======== EXCERPTED RECORDS ========

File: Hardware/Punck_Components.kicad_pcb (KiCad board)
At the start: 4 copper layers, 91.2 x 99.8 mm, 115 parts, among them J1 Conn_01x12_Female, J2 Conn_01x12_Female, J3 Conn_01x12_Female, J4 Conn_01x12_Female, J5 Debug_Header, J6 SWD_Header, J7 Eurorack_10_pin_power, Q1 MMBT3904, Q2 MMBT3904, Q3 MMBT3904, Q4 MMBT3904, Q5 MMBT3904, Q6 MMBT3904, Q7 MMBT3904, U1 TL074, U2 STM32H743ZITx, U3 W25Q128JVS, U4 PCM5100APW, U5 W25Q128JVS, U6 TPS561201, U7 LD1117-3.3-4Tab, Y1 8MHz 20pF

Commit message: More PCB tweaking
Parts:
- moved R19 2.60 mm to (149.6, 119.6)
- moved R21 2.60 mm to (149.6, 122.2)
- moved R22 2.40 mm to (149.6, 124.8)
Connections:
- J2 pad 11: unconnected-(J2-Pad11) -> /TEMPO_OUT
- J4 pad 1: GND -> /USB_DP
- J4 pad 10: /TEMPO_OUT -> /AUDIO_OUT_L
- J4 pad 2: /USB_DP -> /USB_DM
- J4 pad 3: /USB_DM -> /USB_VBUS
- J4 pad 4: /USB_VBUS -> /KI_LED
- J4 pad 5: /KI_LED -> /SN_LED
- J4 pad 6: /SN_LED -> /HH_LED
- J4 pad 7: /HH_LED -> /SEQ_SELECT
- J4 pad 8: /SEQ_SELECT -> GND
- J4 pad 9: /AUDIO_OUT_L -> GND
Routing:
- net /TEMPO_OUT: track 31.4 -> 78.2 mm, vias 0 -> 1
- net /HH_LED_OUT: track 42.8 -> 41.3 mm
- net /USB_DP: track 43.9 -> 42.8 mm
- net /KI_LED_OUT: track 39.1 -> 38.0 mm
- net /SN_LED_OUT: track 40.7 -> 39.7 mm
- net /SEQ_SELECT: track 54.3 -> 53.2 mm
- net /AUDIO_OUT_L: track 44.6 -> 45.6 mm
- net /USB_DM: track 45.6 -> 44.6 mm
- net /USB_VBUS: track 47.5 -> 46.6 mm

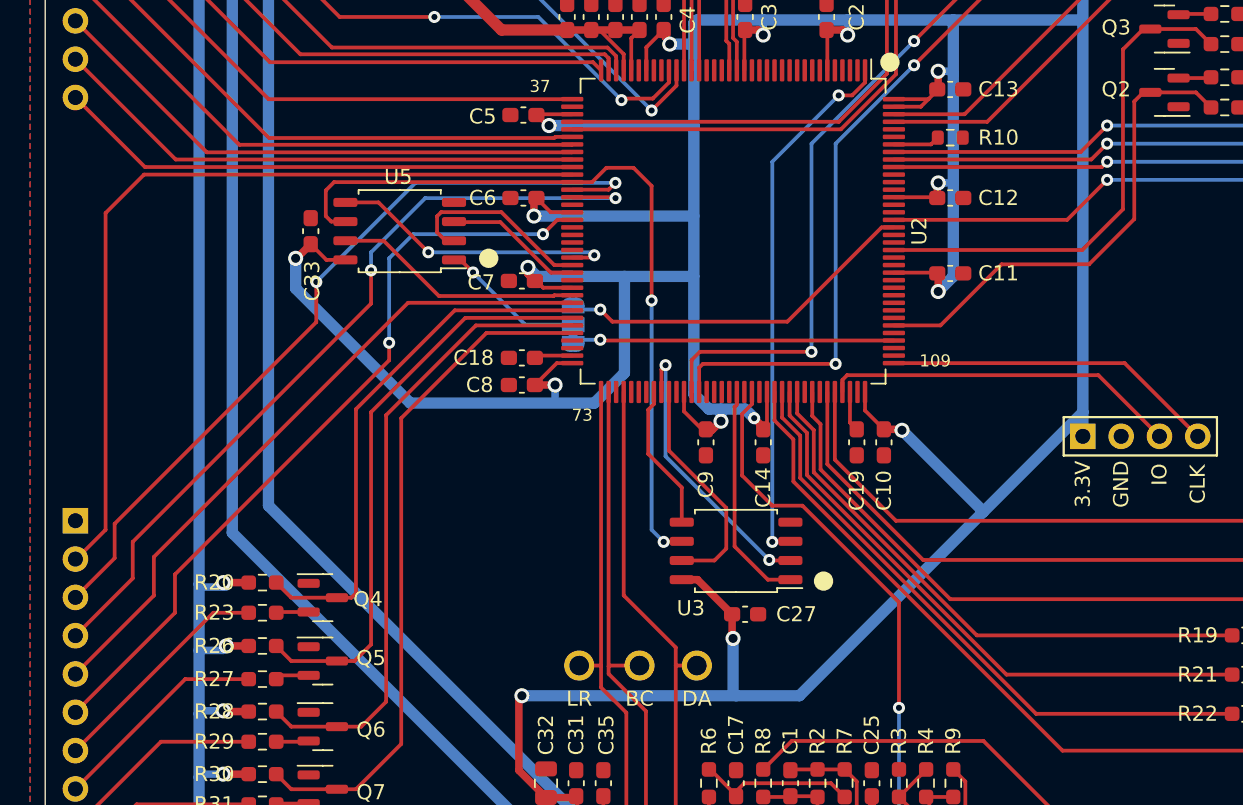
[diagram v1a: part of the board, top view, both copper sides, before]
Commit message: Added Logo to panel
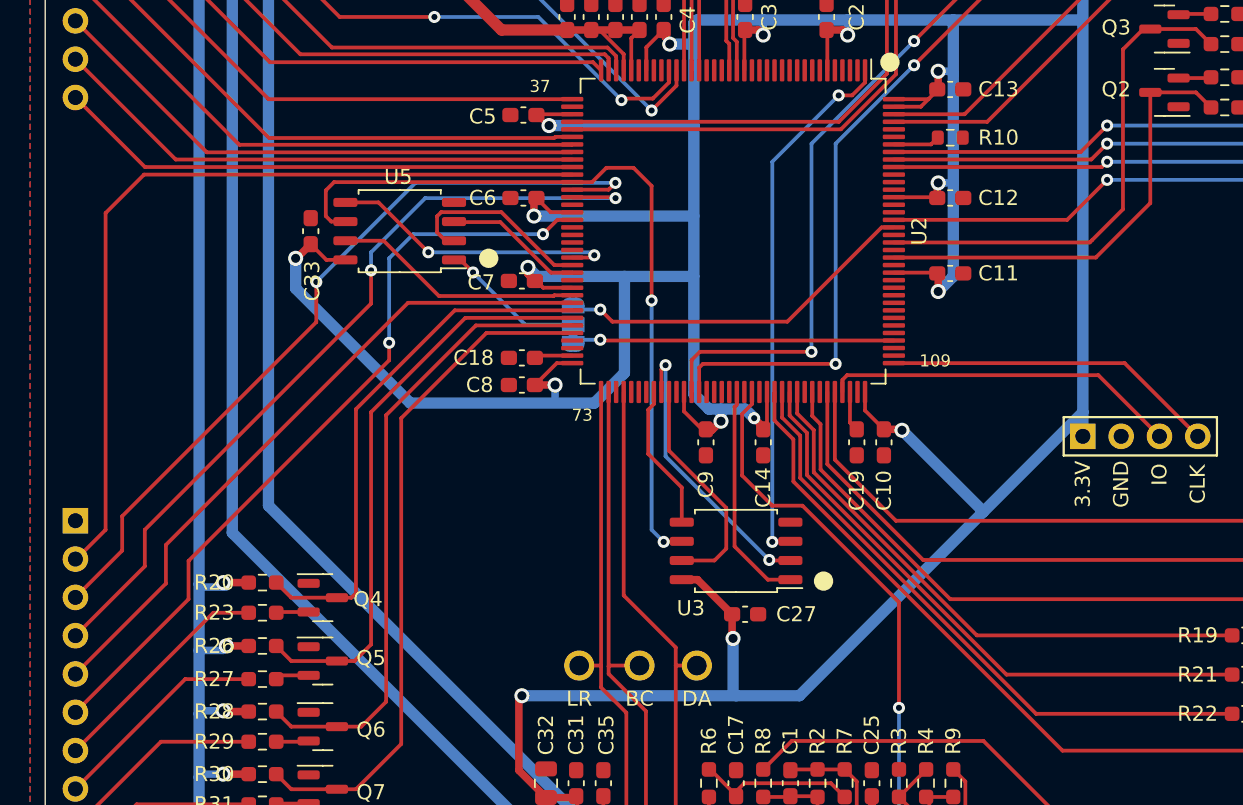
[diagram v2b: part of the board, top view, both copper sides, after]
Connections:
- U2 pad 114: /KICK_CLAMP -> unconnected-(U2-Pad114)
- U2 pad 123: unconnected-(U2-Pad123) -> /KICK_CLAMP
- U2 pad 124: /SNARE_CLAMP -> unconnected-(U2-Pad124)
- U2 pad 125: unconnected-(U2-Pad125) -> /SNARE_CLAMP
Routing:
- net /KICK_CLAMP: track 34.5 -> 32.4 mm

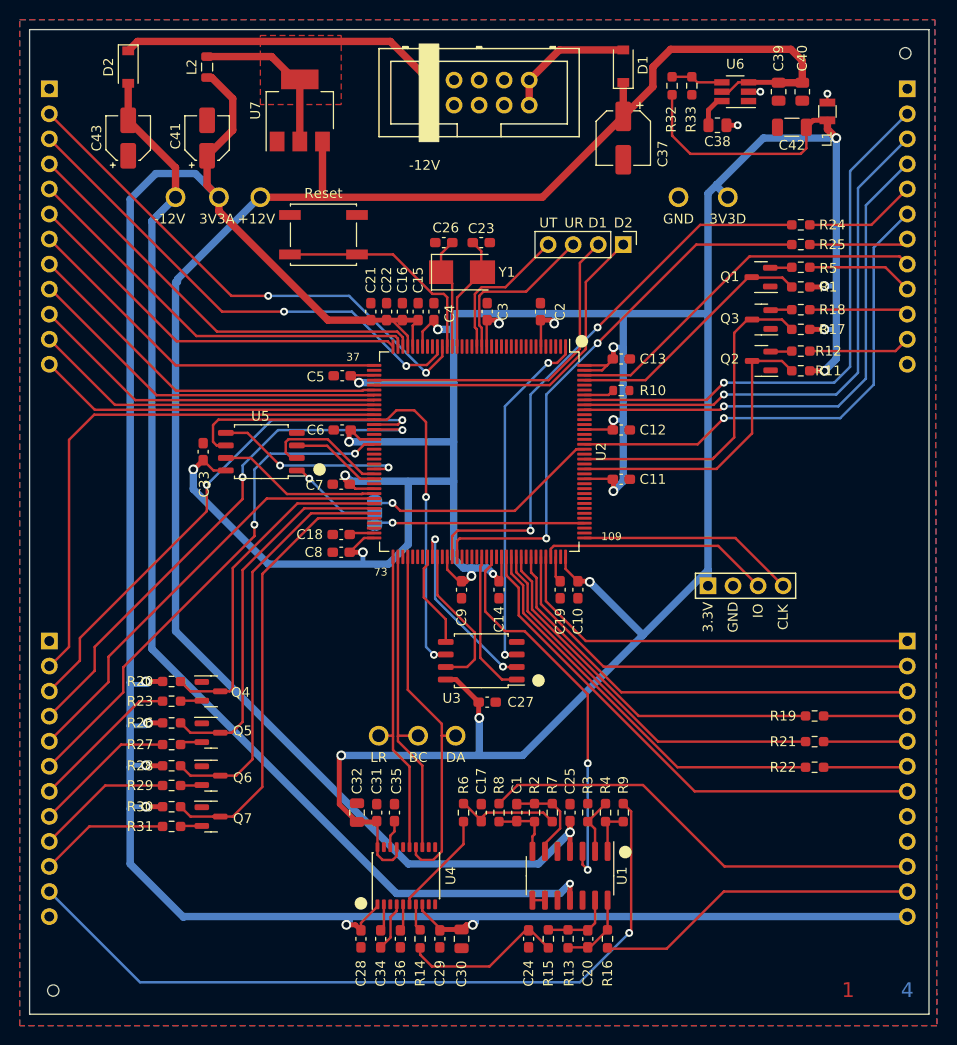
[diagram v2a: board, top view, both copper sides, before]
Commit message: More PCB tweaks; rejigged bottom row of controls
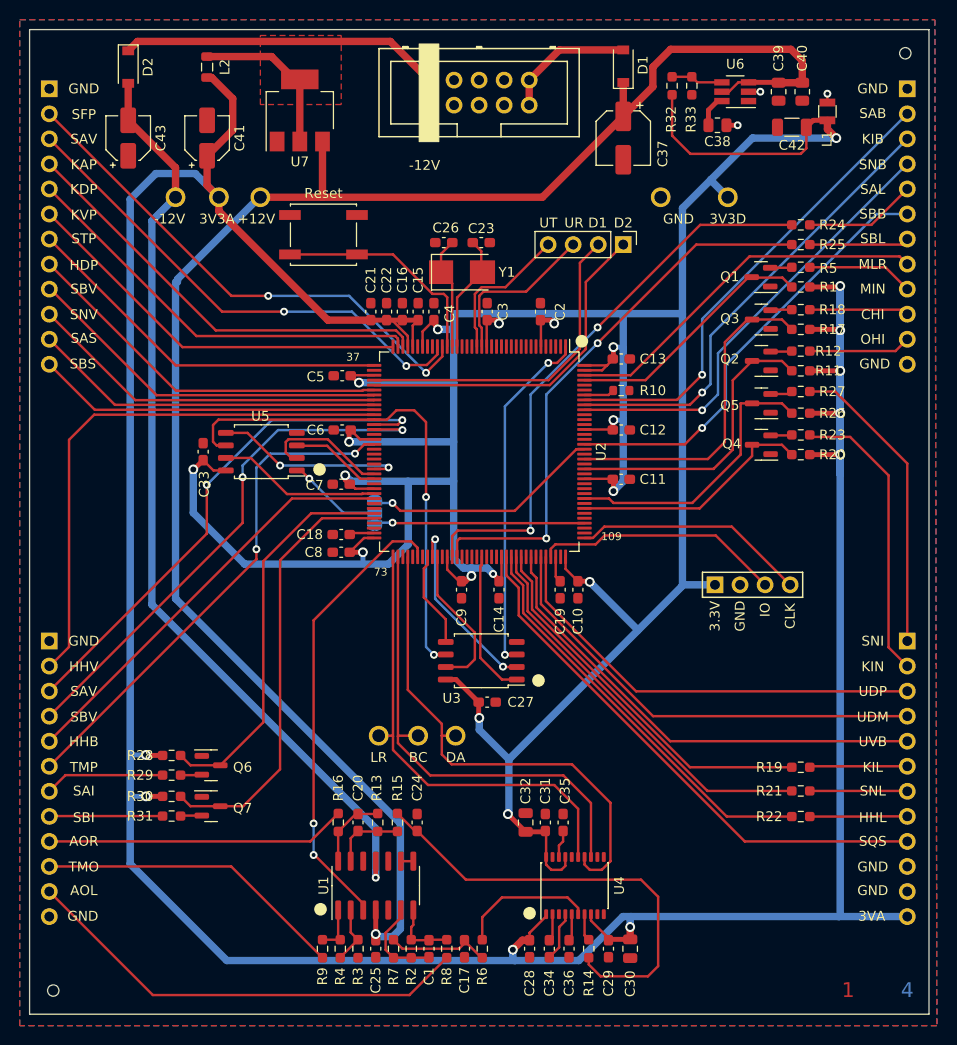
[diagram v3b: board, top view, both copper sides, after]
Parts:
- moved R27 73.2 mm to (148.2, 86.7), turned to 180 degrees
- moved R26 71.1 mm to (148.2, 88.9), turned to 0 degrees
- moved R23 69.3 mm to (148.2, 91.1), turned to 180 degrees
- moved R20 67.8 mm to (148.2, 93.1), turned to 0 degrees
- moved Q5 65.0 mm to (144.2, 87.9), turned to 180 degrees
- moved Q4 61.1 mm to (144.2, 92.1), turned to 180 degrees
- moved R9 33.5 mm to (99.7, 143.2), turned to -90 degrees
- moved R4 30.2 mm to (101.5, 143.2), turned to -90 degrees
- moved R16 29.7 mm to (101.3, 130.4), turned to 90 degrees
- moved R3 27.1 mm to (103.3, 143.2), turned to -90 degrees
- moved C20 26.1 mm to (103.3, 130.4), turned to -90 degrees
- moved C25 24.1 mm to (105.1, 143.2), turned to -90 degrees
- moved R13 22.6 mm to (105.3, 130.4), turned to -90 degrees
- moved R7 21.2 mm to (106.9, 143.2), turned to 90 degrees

========

=== INSTRUCTIONS FOR THE TASK ===
Copy out each line from the preceding entries that mentions the word "board".

=== REPLY ===
File: Hardware/Punck_Components.kicad_pcb (KiCad board)
[diagram v1a: part of the board, top view, both copper sides, before]
[diagram v2b: part of the board, top view, both copper sides, after]
[diagram v2a: board, top view, both copper sides, before]
[diagram v3b: board, top view, both copper sides, after]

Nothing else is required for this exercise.